Nothing but the lines from the one with "function [f_matrix,g_matrix] = fcn(q,qd)" down to the one with "Ixx2=0.0027; Iyy2=0.0024; Izz2=0.0004;" should be returned, exactly and with both ends included, from the material below.
── RECORDS SUPPLIED
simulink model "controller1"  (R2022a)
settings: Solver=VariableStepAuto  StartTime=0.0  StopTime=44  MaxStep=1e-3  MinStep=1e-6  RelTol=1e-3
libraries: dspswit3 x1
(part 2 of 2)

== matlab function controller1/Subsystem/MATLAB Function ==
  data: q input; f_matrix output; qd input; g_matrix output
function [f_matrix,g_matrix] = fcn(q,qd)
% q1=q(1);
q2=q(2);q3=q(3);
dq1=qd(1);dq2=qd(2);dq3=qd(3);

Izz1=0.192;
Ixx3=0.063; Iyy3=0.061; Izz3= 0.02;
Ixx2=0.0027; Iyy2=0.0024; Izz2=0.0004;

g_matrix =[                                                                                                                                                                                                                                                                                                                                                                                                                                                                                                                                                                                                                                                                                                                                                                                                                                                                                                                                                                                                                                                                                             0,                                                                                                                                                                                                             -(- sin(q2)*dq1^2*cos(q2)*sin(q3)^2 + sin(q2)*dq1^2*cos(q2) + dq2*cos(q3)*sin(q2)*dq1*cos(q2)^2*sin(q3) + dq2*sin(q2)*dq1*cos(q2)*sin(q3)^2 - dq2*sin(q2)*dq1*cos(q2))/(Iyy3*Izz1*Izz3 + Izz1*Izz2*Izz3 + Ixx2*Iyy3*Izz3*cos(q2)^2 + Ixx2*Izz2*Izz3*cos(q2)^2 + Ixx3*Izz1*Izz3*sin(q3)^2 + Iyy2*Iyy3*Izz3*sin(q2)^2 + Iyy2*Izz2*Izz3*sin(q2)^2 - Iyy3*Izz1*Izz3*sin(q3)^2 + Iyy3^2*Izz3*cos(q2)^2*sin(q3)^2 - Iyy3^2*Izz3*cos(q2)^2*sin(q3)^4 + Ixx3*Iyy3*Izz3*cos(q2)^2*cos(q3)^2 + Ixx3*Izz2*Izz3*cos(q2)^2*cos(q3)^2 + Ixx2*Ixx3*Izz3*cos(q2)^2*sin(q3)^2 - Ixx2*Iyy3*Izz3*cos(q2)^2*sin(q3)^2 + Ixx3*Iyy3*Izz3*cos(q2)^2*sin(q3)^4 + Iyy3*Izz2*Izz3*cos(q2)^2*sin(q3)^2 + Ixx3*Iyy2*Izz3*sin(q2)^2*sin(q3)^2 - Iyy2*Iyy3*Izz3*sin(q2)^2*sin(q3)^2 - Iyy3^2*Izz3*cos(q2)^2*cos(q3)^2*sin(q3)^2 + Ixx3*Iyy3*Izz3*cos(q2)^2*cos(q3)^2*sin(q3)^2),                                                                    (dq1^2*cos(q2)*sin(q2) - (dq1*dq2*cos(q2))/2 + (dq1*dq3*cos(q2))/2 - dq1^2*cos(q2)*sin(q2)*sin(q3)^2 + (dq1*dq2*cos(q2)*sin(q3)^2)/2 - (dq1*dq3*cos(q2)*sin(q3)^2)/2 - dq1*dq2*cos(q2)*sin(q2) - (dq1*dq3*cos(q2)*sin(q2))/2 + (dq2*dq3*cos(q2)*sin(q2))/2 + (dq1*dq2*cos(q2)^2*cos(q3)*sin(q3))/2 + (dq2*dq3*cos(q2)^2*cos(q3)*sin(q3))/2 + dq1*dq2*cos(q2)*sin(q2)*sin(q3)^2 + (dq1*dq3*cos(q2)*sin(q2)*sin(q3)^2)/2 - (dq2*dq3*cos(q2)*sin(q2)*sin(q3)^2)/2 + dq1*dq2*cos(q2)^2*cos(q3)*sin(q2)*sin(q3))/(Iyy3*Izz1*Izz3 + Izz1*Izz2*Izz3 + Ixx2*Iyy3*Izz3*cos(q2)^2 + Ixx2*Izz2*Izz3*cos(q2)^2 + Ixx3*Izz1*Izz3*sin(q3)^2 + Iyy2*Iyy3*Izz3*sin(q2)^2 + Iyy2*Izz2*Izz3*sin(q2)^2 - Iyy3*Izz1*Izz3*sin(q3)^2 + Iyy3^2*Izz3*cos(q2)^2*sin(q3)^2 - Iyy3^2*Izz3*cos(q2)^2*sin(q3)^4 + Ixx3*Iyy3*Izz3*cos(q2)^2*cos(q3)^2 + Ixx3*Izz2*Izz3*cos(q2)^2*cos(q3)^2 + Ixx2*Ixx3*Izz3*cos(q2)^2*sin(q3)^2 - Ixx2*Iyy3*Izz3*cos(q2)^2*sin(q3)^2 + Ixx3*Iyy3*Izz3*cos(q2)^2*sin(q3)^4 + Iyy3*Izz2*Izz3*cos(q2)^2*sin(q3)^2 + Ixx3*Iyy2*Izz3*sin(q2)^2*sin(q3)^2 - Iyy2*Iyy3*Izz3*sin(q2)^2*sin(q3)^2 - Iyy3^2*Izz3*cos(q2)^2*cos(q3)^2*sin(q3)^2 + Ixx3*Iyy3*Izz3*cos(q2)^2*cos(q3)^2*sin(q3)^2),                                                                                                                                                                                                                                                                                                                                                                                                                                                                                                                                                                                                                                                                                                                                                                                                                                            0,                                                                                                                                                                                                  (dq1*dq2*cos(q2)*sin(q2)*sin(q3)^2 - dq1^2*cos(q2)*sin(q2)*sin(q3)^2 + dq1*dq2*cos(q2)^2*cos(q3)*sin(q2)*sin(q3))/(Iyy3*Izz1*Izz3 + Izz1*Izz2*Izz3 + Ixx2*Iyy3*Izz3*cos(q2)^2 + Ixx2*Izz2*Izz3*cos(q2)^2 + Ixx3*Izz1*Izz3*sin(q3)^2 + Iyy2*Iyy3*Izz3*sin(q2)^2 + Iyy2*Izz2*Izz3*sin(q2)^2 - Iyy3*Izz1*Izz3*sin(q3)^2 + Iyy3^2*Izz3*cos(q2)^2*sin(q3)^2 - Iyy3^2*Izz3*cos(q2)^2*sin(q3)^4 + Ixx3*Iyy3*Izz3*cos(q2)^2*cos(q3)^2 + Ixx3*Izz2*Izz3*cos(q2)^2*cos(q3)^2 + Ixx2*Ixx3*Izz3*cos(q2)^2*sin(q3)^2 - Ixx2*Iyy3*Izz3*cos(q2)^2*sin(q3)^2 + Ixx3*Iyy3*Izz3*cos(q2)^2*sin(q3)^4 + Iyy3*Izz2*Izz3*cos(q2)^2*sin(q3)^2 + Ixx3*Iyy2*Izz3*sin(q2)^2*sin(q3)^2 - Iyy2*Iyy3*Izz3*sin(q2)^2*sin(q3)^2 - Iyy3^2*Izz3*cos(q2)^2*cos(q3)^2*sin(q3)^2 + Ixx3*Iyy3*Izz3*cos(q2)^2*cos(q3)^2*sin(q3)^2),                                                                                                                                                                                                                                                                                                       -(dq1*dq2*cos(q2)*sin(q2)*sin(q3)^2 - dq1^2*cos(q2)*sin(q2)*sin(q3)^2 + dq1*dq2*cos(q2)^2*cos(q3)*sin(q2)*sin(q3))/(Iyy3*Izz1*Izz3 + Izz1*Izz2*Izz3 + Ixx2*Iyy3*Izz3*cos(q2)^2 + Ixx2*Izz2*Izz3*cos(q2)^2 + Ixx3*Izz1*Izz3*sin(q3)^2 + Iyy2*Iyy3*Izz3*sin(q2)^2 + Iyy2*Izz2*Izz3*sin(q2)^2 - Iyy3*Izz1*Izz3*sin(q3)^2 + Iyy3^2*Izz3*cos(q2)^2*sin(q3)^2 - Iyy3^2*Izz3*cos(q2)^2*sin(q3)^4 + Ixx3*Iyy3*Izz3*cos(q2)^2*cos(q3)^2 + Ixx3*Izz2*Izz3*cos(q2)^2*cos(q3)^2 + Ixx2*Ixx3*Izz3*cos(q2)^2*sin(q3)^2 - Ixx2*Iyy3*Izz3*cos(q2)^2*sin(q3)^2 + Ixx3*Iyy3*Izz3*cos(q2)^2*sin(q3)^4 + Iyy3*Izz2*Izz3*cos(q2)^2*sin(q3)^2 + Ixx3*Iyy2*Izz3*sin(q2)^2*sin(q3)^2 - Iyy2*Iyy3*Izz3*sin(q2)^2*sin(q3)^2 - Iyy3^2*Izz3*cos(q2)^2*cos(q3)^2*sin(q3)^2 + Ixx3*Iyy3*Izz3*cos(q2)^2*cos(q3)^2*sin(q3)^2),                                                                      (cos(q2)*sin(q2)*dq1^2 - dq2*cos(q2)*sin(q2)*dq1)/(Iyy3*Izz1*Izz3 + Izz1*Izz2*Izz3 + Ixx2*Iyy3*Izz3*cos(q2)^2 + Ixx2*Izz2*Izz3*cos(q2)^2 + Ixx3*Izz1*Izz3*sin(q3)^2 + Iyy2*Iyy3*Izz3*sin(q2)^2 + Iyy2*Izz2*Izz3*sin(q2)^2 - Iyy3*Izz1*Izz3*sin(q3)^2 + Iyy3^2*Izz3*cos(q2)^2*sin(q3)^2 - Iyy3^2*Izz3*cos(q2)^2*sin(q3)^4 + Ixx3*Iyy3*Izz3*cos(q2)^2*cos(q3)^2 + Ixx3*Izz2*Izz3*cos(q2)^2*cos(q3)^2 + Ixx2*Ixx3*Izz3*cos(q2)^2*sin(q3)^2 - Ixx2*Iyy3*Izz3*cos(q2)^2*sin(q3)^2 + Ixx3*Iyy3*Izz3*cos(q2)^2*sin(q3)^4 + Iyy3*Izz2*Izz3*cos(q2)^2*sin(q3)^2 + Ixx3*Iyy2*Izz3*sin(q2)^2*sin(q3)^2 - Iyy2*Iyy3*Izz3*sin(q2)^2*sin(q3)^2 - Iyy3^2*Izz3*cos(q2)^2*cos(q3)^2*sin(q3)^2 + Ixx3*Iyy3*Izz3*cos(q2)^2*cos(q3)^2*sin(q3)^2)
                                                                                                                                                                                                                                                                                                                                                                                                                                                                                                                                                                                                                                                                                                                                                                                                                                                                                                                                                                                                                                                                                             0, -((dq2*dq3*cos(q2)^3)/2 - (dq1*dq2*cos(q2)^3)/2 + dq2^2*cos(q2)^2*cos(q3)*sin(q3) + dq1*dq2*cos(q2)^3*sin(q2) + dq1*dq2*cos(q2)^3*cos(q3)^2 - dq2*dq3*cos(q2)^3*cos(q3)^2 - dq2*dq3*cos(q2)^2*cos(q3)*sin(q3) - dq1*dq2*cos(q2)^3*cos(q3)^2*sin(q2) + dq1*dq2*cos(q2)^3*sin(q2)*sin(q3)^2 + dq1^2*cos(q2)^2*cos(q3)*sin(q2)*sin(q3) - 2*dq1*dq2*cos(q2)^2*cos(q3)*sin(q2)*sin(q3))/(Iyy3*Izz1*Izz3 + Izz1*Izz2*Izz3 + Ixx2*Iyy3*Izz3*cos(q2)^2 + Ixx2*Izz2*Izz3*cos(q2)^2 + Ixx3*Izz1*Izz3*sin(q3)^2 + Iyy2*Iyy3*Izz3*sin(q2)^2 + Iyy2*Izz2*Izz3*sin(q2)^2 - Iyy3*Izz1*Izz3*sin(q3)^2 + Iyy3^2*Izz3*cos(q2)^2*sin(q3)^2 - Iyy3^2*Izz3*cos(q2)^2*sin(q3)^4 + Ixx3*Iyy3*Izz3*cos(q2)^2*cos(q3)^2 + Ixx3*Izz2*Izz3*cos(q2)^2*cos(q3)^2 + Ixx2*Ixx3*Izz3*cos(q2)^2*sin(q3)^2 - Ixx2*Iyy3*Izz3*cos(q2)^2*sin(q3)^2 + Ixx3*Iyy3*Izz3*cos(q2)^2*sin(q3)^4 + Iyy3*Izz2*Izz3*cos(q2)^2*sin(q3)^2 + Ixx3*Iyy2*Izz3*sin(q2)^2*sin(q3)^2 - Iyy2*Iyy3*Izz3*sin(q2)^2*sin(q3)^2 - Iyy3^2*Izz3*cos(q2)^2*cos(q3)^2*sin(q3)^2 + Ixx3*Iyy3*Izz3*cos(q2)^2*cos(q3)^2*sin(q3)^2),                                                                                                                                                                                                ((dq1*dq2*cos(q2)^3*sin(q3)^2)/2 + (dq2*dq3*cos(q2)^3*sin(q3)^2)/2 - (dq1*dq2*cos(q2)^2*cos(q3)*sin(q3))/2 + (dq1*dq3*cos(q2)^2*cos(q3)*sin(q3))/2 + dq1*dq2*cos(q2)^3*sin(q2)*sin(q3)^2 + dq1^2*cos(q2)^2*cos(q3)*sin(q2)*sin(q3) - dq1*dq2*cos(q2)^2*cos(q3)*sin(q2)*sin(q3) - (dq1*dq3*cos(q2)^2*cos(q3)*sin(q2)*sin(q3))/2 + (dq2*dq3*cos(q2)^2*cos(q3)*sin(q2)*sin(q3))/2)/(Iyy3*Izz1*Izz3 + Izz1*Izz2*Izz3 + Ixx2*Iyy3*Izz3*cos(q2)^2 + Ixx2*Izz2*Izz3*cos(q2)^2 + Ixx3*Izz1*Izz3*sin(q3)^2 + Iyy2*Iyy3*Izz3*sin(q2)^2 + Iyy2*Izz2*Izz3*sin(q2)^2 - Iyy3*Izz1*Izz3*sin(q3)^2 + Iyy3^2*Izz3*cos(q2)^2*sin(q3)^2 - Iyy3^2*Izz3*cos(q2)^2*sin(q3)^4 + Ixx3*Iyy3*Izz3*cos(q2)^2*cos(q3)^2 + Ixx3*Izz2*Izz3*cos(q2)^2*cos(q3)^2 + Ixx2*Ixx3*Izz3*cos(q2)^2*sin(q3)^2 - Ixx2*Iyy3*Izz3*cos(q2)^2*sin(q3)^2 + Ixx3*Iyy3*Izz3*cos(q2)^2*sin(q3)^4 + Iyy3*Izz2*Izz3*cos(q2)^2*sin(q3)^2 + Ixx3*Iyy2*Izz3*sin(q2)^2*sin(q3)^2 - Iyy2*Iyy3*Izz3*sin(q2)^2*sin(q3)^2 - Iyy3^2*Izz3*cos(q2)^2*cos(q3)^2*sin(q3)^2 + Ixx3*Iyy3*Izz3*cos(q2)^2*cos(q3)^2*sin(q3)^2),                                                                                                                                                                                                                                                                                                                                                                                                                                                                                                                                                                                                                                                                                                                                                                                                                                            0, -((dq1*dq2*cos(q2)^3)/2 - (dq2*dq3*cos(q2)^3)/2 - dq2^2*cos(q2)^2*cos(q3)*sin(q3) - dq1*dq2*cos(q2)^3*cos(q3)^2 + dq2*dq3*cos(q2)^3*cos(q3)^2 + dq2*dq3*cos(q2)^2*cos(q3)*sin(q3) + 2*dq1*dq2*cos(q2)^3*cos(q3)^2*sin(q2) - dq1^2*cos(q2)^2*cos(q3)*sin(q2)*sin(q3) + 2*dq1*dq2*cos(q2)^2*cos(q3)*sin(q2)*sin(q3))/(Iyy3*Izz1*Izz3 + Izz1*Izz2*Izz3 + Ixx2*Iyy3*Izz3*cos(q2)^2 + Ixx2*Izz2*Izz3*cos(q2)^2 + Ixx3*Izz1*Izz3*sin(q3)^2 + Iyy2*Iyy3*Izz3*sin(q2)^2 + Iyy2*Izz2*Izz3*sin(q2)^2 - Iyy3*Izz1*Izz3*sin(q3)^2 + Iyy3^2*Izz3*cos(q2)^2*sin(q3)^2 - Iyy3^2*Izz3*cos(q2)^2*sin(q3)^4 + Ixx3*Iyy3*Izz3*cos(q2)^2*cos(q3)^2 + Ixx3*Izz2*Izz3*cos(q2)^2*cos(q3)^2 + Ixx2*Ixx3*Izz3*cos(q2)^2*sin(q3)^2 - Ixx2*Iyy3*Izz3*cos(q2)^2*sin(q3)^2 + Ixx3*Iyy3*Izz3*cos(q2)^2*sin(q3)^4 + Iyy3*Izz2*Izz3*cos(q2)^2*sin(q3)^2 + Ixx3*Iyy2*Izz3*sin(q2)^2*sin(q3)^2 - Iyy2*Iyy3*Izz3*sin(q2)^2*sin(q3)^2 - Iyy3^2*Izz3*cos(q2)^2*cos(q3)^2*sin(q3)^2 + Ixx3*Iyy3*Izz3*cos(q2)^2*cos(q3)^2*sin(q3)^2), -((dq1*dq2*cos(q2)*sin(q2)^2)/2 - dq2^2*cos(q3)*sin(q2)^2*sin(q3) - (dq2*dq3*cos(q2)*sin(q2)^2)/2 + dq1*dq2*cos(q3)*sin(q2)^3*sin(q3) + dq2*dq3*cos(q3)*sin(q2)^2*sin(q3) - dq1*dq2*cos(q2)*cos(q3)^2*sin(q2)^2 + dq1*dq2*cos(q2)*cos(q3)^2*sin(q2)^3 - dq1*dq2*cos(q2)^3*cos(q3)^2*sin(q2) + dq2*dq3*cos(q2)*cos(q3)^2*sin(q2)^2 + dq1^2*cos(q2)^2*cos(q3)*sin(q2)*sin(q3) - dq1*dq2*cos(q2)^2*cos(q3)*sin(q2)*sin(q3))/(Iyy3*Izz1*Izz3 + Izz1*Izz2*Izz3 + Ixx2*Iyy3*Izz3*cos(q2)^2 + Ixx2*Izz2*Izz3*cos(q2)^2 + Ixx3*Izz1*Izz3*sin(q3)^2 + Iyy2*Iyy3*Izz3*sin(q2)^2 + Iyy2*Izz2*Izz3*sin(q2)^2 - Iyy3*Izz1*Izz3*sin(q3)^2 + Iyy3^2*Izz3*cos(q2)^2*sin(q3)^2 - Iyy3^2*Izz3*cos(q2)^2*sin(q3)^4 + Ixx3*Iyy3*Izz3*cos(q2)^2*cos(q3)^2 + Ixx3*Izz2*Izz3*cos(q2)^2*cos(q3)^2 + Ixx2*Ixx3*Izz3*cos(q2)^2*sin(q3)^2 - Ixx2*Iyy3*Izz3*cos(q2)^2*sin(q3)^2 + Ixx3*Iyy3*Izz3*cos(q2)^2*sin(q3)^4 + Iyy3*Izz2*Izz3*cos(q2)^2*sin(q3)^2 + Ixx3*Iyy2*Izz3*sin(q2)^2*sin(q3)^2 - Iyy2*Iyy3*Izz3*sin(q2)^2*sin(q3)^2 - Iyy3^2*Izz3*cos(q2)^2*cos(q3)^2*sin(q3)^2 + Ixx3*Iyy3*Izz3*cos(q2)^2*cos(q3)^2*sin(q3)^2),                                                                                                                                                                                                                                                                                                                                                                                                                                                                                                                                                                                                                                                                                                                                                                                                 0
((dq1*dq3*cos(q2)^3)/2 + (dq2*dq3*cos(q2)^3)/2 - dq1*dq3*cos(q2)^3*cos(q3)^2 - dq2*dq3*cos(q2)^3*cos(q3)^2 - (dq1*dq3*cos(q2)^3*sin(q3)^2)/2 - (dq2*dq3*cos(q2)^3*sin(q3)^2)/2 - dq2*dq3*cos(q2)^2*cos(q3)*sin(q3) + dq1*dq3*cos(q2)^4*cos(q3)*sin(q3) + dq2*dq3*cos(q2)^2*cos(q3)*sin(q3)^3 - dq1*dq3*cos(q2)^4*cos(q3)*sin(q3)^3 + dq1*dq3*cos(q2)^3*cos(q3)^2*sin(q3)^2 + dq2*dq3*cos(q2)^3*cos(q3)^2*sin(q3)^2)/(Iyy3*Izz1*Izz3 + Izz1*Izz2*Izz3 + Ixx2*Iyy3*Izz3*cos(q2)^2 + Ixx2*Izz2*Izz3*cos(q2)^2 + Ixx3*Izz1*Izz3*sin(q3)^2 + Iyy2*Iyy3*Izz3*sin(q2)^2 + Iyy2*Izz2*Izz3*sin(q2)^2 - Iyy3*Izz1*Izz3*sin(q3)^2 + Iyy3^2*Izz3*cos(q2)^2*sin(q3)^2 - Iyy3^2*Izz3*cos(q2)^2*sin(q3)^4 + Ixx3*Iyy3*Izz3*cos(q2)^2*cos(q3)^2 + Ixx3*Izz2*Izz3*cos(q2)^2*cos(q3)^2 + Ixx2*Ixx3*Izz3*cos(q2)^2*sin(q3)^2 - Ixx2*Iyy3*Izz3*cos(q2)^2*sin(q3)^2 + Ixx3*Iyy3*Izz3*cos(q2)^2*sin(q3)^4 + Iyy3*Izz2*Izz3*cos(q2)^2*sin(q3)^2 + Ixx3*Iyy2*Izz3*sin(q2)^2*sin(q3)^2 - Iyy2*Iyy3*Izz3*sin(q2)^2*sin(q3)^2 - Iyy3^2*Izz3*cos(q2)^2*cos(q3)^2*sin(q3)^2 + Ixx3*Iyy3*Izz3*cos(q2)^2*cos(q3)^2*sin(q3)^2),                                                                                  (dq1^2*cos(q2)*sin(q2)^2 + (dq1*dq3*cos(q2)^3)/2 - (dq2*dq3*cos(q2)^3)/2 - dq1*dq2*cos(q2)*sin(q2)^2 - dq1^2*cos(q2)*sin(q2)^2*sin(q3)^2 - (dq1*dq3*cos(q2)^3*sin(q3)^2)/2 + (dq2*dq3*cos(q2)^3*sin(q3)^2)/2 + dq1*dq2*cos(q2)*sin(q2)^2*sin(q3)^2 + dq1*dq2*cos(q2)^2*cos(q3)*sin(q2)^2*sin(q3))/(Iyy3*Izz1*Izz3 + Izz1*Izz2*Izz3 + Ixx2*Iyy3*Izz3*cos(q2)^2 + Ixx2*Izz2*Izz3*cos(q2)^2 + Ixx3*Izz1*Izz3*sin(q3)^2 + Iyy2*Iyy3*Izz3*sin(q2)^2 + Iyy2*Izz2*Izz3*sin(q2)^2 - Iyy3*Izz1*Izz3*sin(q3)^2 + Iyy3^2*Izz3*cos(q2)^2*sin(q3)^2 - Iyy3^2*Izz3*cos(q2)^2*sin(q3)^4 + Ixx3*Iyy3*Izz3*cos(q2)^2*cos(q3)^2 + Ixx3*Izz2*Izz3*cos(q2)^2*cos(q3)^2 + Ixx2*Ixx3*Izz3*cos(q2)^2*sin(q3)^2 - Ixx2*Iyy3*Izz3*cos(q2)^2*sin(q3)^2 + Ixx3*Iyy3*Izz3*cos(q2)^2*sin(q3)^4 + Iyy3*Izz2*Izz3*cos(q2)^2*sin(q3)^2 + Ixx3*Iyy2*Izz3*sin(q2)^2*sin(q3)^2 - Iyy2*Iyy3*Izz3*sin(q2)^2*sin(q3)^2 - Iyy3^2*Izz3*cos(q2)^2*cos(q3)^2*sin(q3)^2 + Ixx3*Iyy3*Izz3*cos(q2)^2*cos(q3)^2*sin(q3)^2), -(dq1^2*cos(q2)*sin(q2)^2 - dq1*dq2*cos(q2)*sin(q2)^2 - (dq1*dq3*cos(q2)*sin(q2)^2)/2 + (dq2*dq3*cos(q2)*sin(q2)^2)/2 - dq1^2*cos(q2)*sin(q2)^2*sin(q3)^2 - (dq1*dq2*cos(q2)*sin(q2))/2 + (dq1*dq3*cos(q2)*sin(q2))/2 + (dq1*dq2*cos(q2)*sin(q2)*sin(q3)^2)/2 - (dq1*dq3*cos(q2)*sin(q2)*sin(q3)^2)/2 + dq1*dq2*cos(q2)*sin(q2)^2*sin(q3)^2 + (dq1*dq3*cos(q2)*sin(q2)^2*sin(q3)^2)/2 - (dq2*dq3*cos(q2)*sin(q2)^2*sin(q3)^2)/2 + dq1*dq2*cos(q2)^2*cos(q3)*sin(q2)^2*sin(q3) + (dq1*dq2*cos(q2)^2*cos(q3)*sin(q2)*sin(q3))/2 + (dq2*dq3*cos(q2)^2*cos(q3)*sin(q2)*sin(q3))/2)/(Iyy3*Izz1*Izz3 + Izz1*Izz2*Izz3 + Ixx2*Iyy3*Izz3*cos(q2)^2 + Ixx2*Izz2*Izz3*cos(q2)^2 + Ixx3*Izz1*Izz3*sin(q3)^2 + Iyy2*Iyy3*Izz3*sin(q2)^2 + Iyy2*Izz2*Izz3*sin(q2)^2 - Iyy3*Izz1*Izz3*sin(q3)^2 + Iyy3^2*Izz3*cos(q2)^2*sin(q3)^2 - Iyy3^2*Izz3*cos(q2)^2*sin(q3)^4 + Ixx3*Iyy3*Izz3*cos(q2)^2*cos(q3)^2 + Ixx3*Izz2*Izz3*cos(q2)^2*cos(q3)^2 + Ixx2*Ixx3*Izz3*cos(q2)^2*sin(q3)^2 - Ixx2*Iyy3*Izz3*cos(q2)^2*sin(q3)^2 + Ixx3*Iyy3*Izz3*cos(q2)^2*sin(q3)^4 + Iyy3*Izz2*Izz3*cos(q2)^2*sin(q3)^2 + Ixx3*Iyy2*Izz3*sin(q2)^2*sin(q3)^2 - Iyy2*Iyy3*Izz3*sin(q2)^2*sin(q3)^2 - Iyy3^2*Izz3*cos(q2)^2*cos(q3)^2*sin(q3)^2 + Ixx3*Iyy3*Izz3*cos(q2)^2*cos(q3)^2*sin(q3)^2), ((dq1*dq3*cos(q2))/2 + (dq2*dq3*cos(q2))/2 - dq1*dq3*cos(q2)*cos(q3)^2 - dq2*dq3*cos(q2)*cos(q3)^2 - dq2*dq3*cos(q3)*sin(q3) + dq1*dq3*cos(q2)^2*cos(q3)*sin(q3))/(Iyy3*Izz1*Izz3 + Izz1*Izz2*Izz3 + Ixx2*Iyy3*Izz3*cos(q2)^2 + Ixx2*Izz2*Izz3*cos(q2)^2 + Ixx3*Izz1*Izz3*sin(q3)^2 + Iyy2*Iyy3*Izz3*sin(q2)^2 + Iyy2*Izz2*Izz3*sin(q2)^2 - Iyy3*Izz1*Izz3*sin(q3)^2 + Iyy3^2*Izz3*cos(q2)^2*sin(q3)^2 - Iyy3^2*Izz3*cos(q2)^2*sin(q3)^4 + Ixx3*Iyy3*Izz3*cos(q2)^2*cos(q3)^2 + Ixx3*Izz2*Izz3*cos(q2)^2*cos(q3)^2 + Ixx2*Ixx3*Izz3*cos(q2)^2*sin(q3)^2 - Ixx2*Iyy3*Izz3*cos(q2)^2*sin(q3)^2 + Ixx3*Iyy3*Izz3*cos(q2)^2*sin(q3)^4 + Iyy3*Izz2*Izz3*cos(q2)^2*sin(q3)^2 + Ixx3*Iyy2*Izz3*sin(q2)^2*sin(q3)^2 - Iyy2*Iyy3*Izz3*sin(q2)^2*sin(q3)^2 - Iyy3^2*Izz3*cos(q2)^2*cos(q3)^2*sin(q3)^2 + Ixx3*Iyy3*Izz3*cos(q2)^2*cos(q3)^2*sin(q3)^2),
────
> TASK ANSWER
function [f_matrix,g_matrix] = fcn(q,qd)
% q1=q(1);
q2=q(2);q3=q(3);
dq1=qd(1);dq2=qd(2);dq3=qd(3);

Izz1=0.192;
Ixx3=0.063; Iyy3=0.061; Izz3= 0.02;
Ixx2=0.0027; Iyy2=0.0024; Izz2=0.0004;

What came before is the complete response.